======== Excerpted data

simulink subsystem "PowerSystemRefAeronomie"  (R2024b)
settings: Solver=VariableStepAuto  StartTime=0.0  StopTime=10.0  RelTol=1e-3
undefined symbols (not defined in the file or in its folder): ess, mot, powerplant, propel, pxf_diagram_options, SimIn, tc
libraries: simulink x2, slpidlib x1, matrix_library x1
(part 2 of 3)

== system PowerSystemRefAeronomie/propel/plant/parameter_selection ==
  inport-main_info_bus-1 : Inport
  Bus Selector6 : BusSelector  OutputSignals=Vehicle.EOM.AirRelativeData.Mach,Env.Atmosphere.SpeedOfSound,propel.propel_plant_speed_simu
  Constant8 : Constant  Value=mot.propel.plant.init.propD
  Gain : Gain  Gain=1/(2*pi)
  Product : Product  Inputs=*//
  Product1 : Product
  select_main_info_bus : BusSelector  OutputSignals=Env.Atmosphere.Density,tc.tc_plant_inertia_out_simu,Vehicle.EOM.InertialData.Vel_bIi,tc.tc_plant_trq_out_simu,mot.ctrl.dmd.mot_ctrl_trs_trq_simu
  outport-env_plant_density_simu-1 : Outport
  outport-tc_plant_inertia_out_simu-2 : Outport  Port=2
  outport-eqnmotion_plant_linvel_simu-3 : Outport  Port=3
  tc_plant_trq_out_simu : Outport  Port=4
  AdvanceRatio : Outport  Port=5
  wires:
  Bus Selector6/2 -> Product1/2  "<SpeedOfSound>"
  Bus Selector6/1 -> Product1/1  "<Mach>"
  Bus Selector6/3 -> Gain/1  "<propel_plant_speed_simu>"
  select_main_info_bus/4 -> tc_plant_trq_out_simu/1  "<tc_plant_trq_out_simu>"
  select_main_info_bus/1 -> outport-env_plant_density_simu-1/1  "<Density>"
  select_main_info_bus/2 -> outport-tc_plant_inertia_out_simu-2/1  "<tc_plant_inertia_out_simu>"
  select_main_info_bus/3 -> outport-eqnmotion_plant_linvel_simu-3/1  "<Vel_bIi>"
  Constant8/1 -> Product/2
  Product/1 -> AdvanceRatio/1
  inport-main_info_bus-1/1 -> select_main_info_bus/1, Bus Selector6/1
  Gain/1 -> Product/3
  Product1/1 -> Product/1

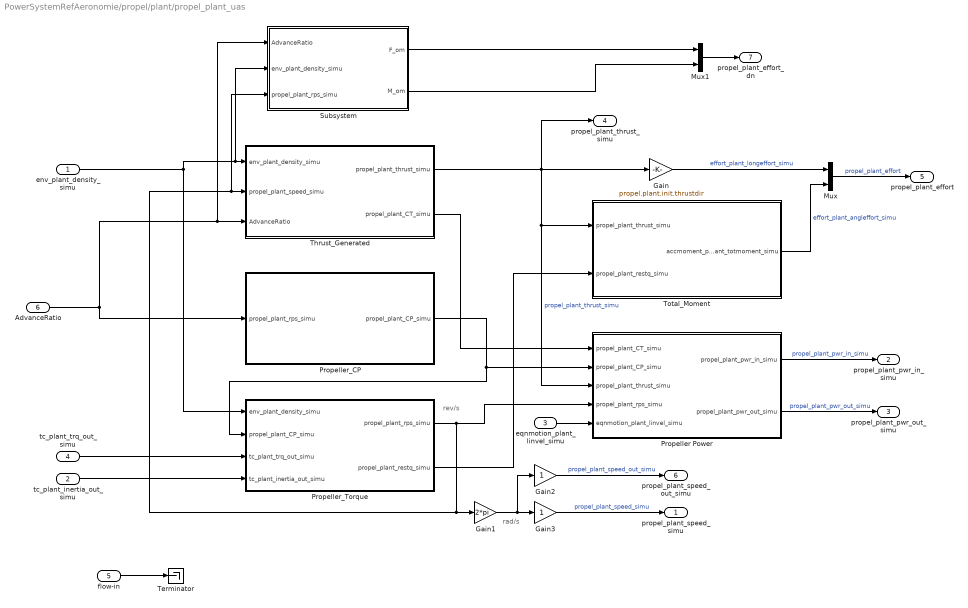
== system PowerSystemRefAeronomie/propel/plant/propel_plant_uas ==
  note: rad/s
  note: rev/s
  env_plant_density_simu : Inport
  tc_plant_inertia_out_simu : Inport  Port=2
  eqnmotion_plant_linvel_simu : Inport  Port=3
  tc_plant_trq_out_simu : Inport  Port=4
  flow-in : Inport  Port=5
  AdvanceRatio : Inport  Port=6
  Gain : Gain  Gain=propel.plant.init.thrustdir
  Gain1 : Gain  Gain=2*pi
  Gain2 : Gain
  Gain3 : Gain
  Mux : Mux  Inputs=2
  Mux1 : Mux  Inputs=2
  Propeller Power : Subsystem
  Propeller_CP : Subsystem
  Propeller_Torque : Subsystem
  Subsystem : Subsystem
  Terminator : Terminator
  Thrust_Generated : Subsystem
  Total_Moment : Subsystem
  propel_plant_speed_simu : Outport  VectorParamsAs1DForOutWhenUnconnected=off
  propel_plant_pwr_in_simu : Outport  Port=2  VectorParamsAs1DForOutWhenUnconnected=off
  propel_plant_pwr_out_simu : Outport  Port=3  VectorParamsAs1DForOutWhenUnconnected=off
  propel_plant_thrust_simu : Outport  Port=4  VectorParamsAs1DForOutWhenUnconnected=off
  propel_plant_effort : Outport  Port=5  VectorParamsAs1DForOutWhenUnconnected=off
  propel_plant_speed_out_simu : Outport  Port=6  VectorParamsAs1DForOutWhenUnconnected=off
  propel_plant_effort_dn : Outport  Port=7
  wires:
  Mux1/1 -> propel_plant_effort_dn/1
  Subsystem/2(M_om) -> Mux1/2
  Subsystem/1(F_om) -> Mux1/1
  Gain1/1 -> Gain3/1, Gain2/1
  AdvanceRatio/1 -> Propeller_CP/1(propel_plant_rps_simu), Subsystem/1(AdvanceRatio), Thrust_Generated/3(AdvanceRatio)
  flow-in/1 -> Terminator/1
  Gain3/1 -> propel_plant_speed_simu/1  "propel_plant_speed_simu"
  Gain2/1 -> propel_plant_speed_out_simu/1  "propel_plant_speed_out_simu"
  Propeller Power/1(propel_plant_pwr_in_simu) -> propel_plant_pwr_in_simu/1  "propel_plant_pwr_in_simu"
  Propeller Power/2(propel_plant_pwr_out_simu) -> propel_plant_pwr_out_simu/1  "propel_plant_pwr_out_simu"
  eqnmotion_plant_linvel_simu/1 -> Propeller Power/5(eqnmotion_plant_linvel_simu)
  Mux/1 -> propel_plant_effort/1  "propel_plant_effort"
  Gain/1 -> Mux/1  "effort_plant_longeffort_simu"
  Propeller_Torque/2(propel_plant_restq_simu) -> Total_Moment/2(propel_plant_restq_simu)
  Total_Moment/1(accmoment_plant_totmoment_simu) -> Mux/2  "effort_plant_angleffort_simu"
  tc_plant_inertia_out_simu/1 -> Propeller_Torque/4(tc_plant_inertia_out_simu)
  tc_plant_trq_out_simu/1 -> Propeller_Torque/3(tc_plant_trq_out_simu)
  env_plant_density_simu/1 -> Thrust_Generated/1(env_plant_density_simu), Subsystem/2(env_plant_density_simu), Propeller_Torque/1(env_plant_density_simu)
  Thrust_Generated/2(propel_plant_CT_simu) -> Propeller Power/1(propel_plant_CT_simu)
  Propeller_CP/1(propel_plant_CP_simu) -> Propeller Power/2(propel_plant_CP_simu), Propeller_Torque/2(propel_plant_CP_simu)
  Propeller_Torque/1(propel_plant_rps_simu) -> Gain1/1, Thrust_Generated/2(propel_plant_speed_simu), Subsystem/3(propel_plant_rps_simu), Propeller Power/4(propel_plant_rps_simu)
  Thrust_Generated/1(propel_plant_thrust_simu) -> Propeller Power/3(propel_plant_thrust_simu), Total_Moment/1(propel_plant_thrust_simu), Gain/1, propel_plant_thrust_simu/1  "propel_plant_thrust_simu"

== system PowerSystemRefAeronomie/tc/plant/parameter_out ==
  inport-tc_plant_trq_in_simu : Inport
  inport-tc_plant_trq_out_simu : Inport  Port=2
  inport-tc_plant_spd_in_simu : Inport  Port=3
  inport-tc_plant_spd_out_simu : Inport  Port=4
  inport-tc_plant_inertia_in_simu : Inport  Port=5
  inport-tc_plant_inertia_out_simu : Inport  Port=6
  Toworkspace-tc_plant_inertia_in_simu : ToWorkspace  VariableName=tc_plant_inertia_in_simu  SampleTime=pxf_diagram_options.workspace_sample_time
      settings: Decimation=pxf_diagram_options.decimation
  Toworkspace-tc_plant_inertia_out_simu : ToWorkspace  VariableName=tc_plant_inertia_out_simu  SampleTime=pxf_diagram_options.workspace_sample_time
      settings: Decimation=pxf_diagram_options.decimation
  Toworkspace-tc_plant_spd_in_simu : ToWorkspace  VariableName=tc_plant_spd_in_simu  SampleTime=pxf_diagram_options.workspace_sample_time
      settings: Decimation=pxf_diagram_options.decimation
  Toworkspace-tc_plant_spd_out_simu : ToWorkspace  VariableName=tc_plant_spd_out_simu  SampleTime=pxf_diagram_options.workspace_sample_time
      settings: Decimation=pxf_diagram_options.decimation
  Toworkspace-tc_plant_trq_in_simu : ToWorkspace  VariableName=tc_plant_trq_in_simu  SampleTime=pxf_diagram_options.workspace_sample_time
      settings: Decimation=pxf_diagram_options.decimation
  Toworkspace-tc_plant_trq_out_simu : ToWorkspace  VariableName=tc_plant_trq_out_simu  SampleTime=pxf_diagram_options.workspace_sample_time
      settings: Decimation=pxf_diagram_options.decimation
  create_system_info_bus : BusCreator  Inputs=3
  outport-system_info_bus : Outport
  wires:
  create_system_info_bus/1 -> outport-system_info_bus/1
  inport-tc_plant_trq_in_simu/1 -> Toworkspace-tc_plant_trq_in_simu/1
  inport-tc_plant_trq_out_simu/1 -> Toworkspace-tc_plant_trq_out_simu/1, create_system_info_bus/3
  inport-tc_plant_spd_in_simu/1 -> create_system_info_bus/1, Toworkspace-tc_plant_spd_in_simu/1  "tc_plant_spd_in_simu"
  inport-tc_plant_spd_out_simu/1 -> Toworkspace-tc_plant_spd_out_simu/1
  inport-tc_plant_inertia_in_simu/1 -> Toworkspace-tc_plant_inertia_in_simu/1
  inport-tc_plant_inertia_out_simu/1 -> Toworkspace-tc_plant_inertia_out_simu/1, create_system_info_bus/2  "tc_plant_inertia_out_simu"

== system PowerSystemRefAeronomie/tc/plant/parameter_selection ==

================

> [What to work on] Copy every line of the records above, starting with the first, up to and including the line containing "undefined symbols (not".

> [Exercise result]
simulink subsystem "PowerSystemRefAeronomie"  (R2024b)
settings: Solver=VariableStepAuto  StartTime=0.0  StopTime=10.0  RelTol=1e-3
undefined symbols (not defined in the file or in its folder): ess, mot, powerplant, propel, pxf_diagram_options, SimIn, tc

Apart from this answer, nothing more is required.